Perché in Sicilia cresci con il terrore degli sbirri, come se fossimo noi i
cattivi da temere. Ma erano dei ragazzini, li lasciavamo andare dopo un
controllo veloce dei documenti, e loro fuggivano via con gli occhi bassi
e la vergogna nello stomaco. Noi poliziotti invece restavamo lì, insieme
alle prostitute. A volte compravo dei cornetti e glieli portavo. Erano
ragazzine pure loro. E anche io, in fondo, ero un ragazzino. Così come i
miei colleghi.
Supero il porticciolo turistico e raggiungo l'ingresso del porto. In
guardiola non c'è nessuno, il cancello è aperto. Posteggio, scendo
dall'auto e mi metto a camminare fino al molo che ho di fronte. Non ci
sono grosse navi attraccate. Torno indietro e percorro la banchina fino a
una torre di container: uno sull'altro, incastrati e solidi. Era quello che
volevo fare con la squadra investigativa. Un gruppo unico. Tutti uguali.

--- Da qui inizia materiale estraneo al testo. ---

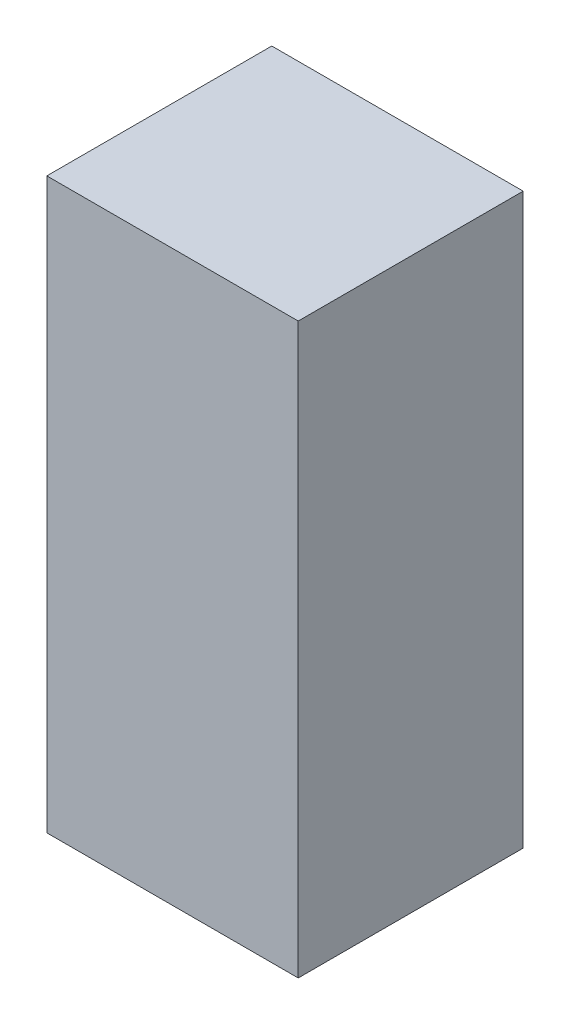
ISO-10303-21;
HEADER;
FILE_DESCRIPTION(('STEP AP214'),'2;1');
FILE_NAME('part.step','',(''),(''),'','','');
FILE_SCHEMA(('AUTOMOTIVE_DESIGN { 1 0 10303 214 1 1 1 1 }'));
ENDSEC;
DATA;
#1=APPLICATION_CONTEXT('core data for automotive mechanical design processes');
#2=APPLICATION_PROTOCOL_DEFINITION('international standard','automotive_design',2000,#1);
#3=PRODUCT_CONTEXT('',#1,'mechanical');
#4=PRODUCT('Part','Part','',(#3));
#5=PRODUCT_RELATED_PRODUCT_CATEGORY('part','',(#4));
#6=PRODUCT_DEFINITION_FORMATION('','',#4);
#7=PRODUCT_DEFINITION_CONTEXT('part definition',#1,'design');
#8=PRODUCT_DEFINITION('design','',#6,#7);
#9=PRODUCT_DEFINITION_SHAPE('','',#8);
#10=(LENGTH_UNIT() NAMED_UNIT(*) SI_UNIT(.MILLI.,.METRE.));
#11=(NAMED_UNIT(*) PLANE_ANGLE_UNIT() SI_UNIT($,.RADIAN.));
#12=(NAMED_UNIT(*) SI_UNIT($,.STERADIAN.) SOLID_ANGLE_UNIT());
#13=UNCERTAINTY_MEASURE_WITH_UNIT(LENGTH_MEASURE(1.E-05),#10,'distance_accuracy_value','');
#14=(GEOMETRIC_REPRESENTATION_CONTEXT(3) GLOBAL_UNCERTAINTY_ASSIGNED_CONTEXT((#13)) GLOBAL_UNIT_ASSIGNED_CONTEXT((#10,
#11,#12)) REPRESENTATION_CONTEXT('',''));
#15=CARTESIAN_POINT('',(0.,0.,0.));
#16=DIRECTION('',(0.,0.,1.));
#17=DIRECTION('',(1.,0.,0.));
#18=AXIS2_PLACEMENT_3D('',#15,#16,#17);
#19=CARTESIAN_POINT('',(-9.5,43.,8.5));
#20=DIRECTION('',(1.,0.,0.));
#21=DIRECTION('',(0.,0.,-1.));
#22=AXIS2_PLACEMENT_3D('',#19,#20,#21);
#23=PLANE('',#22);
#24=DIRECTION('',(0.,0.,1.));
#25=VECTOR('',#24,1.);
#26=CARTESIAN_POINT('',(-9.5,0.,8.5));
#27=LINE('',#26,#25);
#28=CARTESIAN_POINT('',(-9.5,0.,-8.5));
#29=VERTEX_POINT('',#28);
#30=CARTESIAN_POINT('',(-9.5,0.,8.5));
#31=VERTEX_POINT('',#30);
#32=EDGE_CURVE('E102',#29,#31,#27,.T.);
#33=ORIENTED_EDGE('',*,*,#32,.T.);
#34=DIRECTION('',(0.,-1.,0.));
#35=VECTOR('',#34,1.);
#36=CARTESIAN_POINT('',(-9.5,43.,8.5));
#37=LINE('',#36,#35);
#38=CARTESIAN_POINT('',(-9.5,43.,8.5));
#39=VERTEX_POINT('',#38);
#40=EDGE_CURVE('E11',#39,#31,#37,.T.);
#41=ORIENTED_EDGE('',*,*,#40,.F.);
#42=DIRECTION('',(0.,0.,1.));
#43=VECTOR('',#42,1.);
#44=CARTESIAN_POINT('',(-9.5,43.,8.5));
#45=LINE('',#44,#43);
#46=CARTESIAN_POINT('',(-9.5,43.,-8.5));
#47=VERTEX_POINT('',#46);
#48=EDGE_CURVE('E90',#47,#39,#45,.T.);
#49=ORIENTED_EDGE('',*,*,#48,.F.);
#50=DIRECTION('',(0.,-1.,0.));
#51=VECTOR('',#50,1.);
#52=CARTESIAN_POINT('',(-9.5,43.,-8.5));
#53=LINE('',#52,#51);
#54=EDGE_CURVE('E98',#47,#29,#53,.T.);
#55=ORIENTED_EDGE('',*,*,#54,.T.);
#56=EDGE_LOOP('',(#33,#41,#49,#55));
#57=FACE_BOUND('',#56,.T.);
#58=ADVANCED_FACE('F39',(#57),#23,.F.);
#59=CARTESIAN_POINT('',(9.5,43.,8.5));
#60=DIRECTION('',(0.,0.,-1.));
#61=DIRECTION('',(-1.,0.,0.));
#62=AXIS2_PLACEMENT_3D('',#59,#60,#61);
#63=PLANE('',#62);
#64=DIRECTION('',(1.,0.,0.));
#65=VECTOR('',#64,1.);
#66=CARTESIAN_POINT('',(9.5,0.,8.5));
#67=LINE('',#66,#65);
#68=CARTESIAN_POINT('',(9.5,0.,8.5));
#69=VERTEX_POINT('',#68);
#70=EDGE_CURVE('E94',#31,#69,#67,.T.);
#71=ORIENTED_EDGE('',*,*,#70,.T.);
#72=DIRECTION('',(0.,-1.,0.));
#73=VECTOR('',#72,1.);
#74=CARTESIAN_POINT('',(9.5,43.,8.5));
#75=LINE('',#74,#73);
#76=CARTESIAN_POINT('',(9.5,43.,8.5));
#77=VERTEX_POINT('',#76);
#78=EDGE_CURVE('E47',#77,#69,#75,.T.);
#79=ORIENTED_EDGE('',*,*,#78,.F.);
#80=DIRECTION('',(1.,0.,0.));
#81=VECTOR('',#80,1.);
#82=CARTESIAN_POINT('',(9.5,43.,8.5));
#83=LINE('',#82,#81);
#84=EDGE_CURVE('E85',#39,#77,#83,.T.);
#85=ORIENTED_EDGE('',*,*,#84,.F.);
#86=ORIENTED_EDGE('',*,*,#40,.T.);
#87=EDGE_LOOP('',(#71,#79,#85,#86));
#88=FACE_BOUND('',#87,.T.);
#89=ADVANCED_FACE('F93',(#88),#63,.F.);
#90=CARTESIAN_POINT('',(9.5,43.,8.5));
#91=DIRECTION('',(-1.,0.,0.));
#92=DIRECTION('',(0.,0.,1.));
#93=AXIS2_PLACEMENT_3D('',#90,#91,#92);
#94=PLANE('',#93);
#95=DIRECTION('',(0.,0.,-1.));
#96=VECTOR('',#95,1.);
#97=CARTESIAN_POINT('',(9.5,0.,8.5));
#98=LINE('',#97,#96);
#99=CARTESIAN_POINT('',(9.5,0.,-8.5));
#100=VERTEX_POINT('',#99);
#101=EDGE_CURVE('E72',#69,#100,#98,.T.);
#102=ORIENTED_EDGE('',*,*,#101,.T.);
#103=DIRECTION('',(0.,-1.,0.));
#104=VECTOR('',#103,1.);
#105=CARTESIAN_POINT('',(9.5,43.,-8.5));
#106=LINE('',#105,#104);
#107=CARTESIAN_POINT('',(9.5,43.,-8.5));
#108=VERTEX_POINT('',#107);
#109=EDGE_CURVE('E95',#108,#100,#106,.T.);
#110=ORIENTED_EDGE('',*,*,#109,.F.);
#111=DIRECTION('',(0.,0.,-1.));
#112=VECTOR('',#111,1.);
#113=CARTESIAN_POINT('',(9.5,43.,8.5));
#114=LINE('',#113,#112);
#115=EDGE_CURVE('E88',#77,#108,#114,.T.);
#116=ORIENTED_EDGE('',*,*,#115,.F.);
#117=ORIENTED_EDGE('',*,*,#78,.T.);
#118=EDGE_LOOP('',(#102,#110,#116,#117));
#119=FACE_BOUND('',#118,.T.);
#120=ADVANCED_FACE('F96',(#119),#94,.F.);
#121=CARTESIAN_POINT('',(9.5,43.,-8.5));
#122=DIRECTION('',(0.,0.,1.));
#123=DIRECTION('',(1.,0.,0.));
#124=AXIS2_PLACEMENT_3D('',#121,#122,#123);
#125=PLANE('',#124);
#126=DIRECTION('',(-1.,0.,0.));
#127=VECTOR('',#126,1.);
#128=CARTESIAN_POINT('',(9.5,0.,-8.5));
#129=LINE('',#128,#127);
#130=EDGE_CURVE('E78',#100,#29,#129,.T.);
#131=ORIENTED_EDGE('',*,*,#130,.T.);
#132=ORIENTED_EDGE('',*,*,#54,.F.);
#133=DIRECTION('',(-1.,0.,0.));
#134=VECTOR('',#133,1.);
#135=CARTESIAN_POINT('',(9.5,43.,-8.5));
#136=LINE('',#135,#134);
#137=EDGE_CURVE('E55',#108,#47,#136,.T.);
#138=ORIENTED_EDGE('',*,*,#137,.F.);
#139=ORIENTED_EDGE('',*,*,#109,.T.);
#140=EDGE_LOOP('',(#131,#132,#138,#139));
#141=FACE_BOUND('',#140,.T.);
#142=ADVANCED_FACE('F109',(#141),#125,.F.);
#143=CARTESIAN_POINT('',(0.,43.,0.));
#144=DIRECTION('',(0.,1.,0.));
#145=DIRECTION('',(0.,0.,1.));
#146=AXIS2_PLACEMENT_3D('',#143,#144,#145);
#147=PLANE('',#146);
#148=ORIENTED_EDGE('',*,*,#48,.T.);
#149=ORIENTED_EDGE('',*,*,#84,.T.);
#150=ORIENTED_EDGE('',*,*,#115,.T.);
#151=ORIENTED_EDGE('',*,*,#137,.T.);
#152=EDGE_LOOP('',(#148,#149,#150,#151));
#153=FACE_BOUND('',#152,.T.);
#154=ADVANCED_FACE('F86',(#153),#147,.T.);
#155=CARTESIAN_POINT('',(0.,0.,0.));
#156=DIRECTION('',(0.,1.,0.));
#157=DIRECTION('',(0.,0.,1.));
#158=AXIS2_PLACEMENT_3D('',#155,#156,#157);
#159=PLANE('',#158);
#160=ORIENTED_EDGE('',*,*,#32,.F.);
#161=ORIENTED_EDGE('',*,*,#130,.F.);
#162=ORIENTED_EDGE('',*,*,#101,.F.);
#163=ORIENTED_EDGE('',*,*,#70,.F.);
#164=EDGE_LOOP('',(#160,#161,#162,#163));
#165=FACE_BOUND('',#164,.T.);
#166=ADVANCED_FACE('F112',(#165),#159,.F.);
#167=CLOSED_SHELL('',(#58,#89,#120,#142,#154,#166));
#168=MANIFOLD_SOLID_BREP('B2',#167);
#169=ADVANCED_BREP_SHAPE_REPRESENTATION('',(#18,#168),#14);
#170=SHAPE_DEFINITION_REPRESENTATION(#9,#169);
ENDSEC;
END-ISO-10303-21;

Dopo le tante retate di spacciatori ci eravamo guadagnati un po' di
rispetto a Prezia. La maggior parte della gente si chiedeva solo perché
rompevamo la minchia, ma qualcuno apprezzava i nostri sforzi. Di
nascosto, è ovvio, come quel panettiere che mi faceva trovare sempre il
pane anche se non gliel'avevo ordinato. Ogni giorno mi metteva da
parte un parigino e due semprefreschi dell'ultima infornata: se passavo
a prenderli lui me li dava, altrimenti restavano invenduti. Era il suo
modo di farmi capire che mi sosteneva, che lui c'era. Purtroppo lo capii
solo molto tempo dopo.
La morsa sullo spaccio stava strangolando il mercato, e così qualcuno
decise di fare qualcosa per costringerci a mollare un po' la presa. Una
sera venni avvicinato da uno sfacinnàto che vendeva vestiti contraffatti.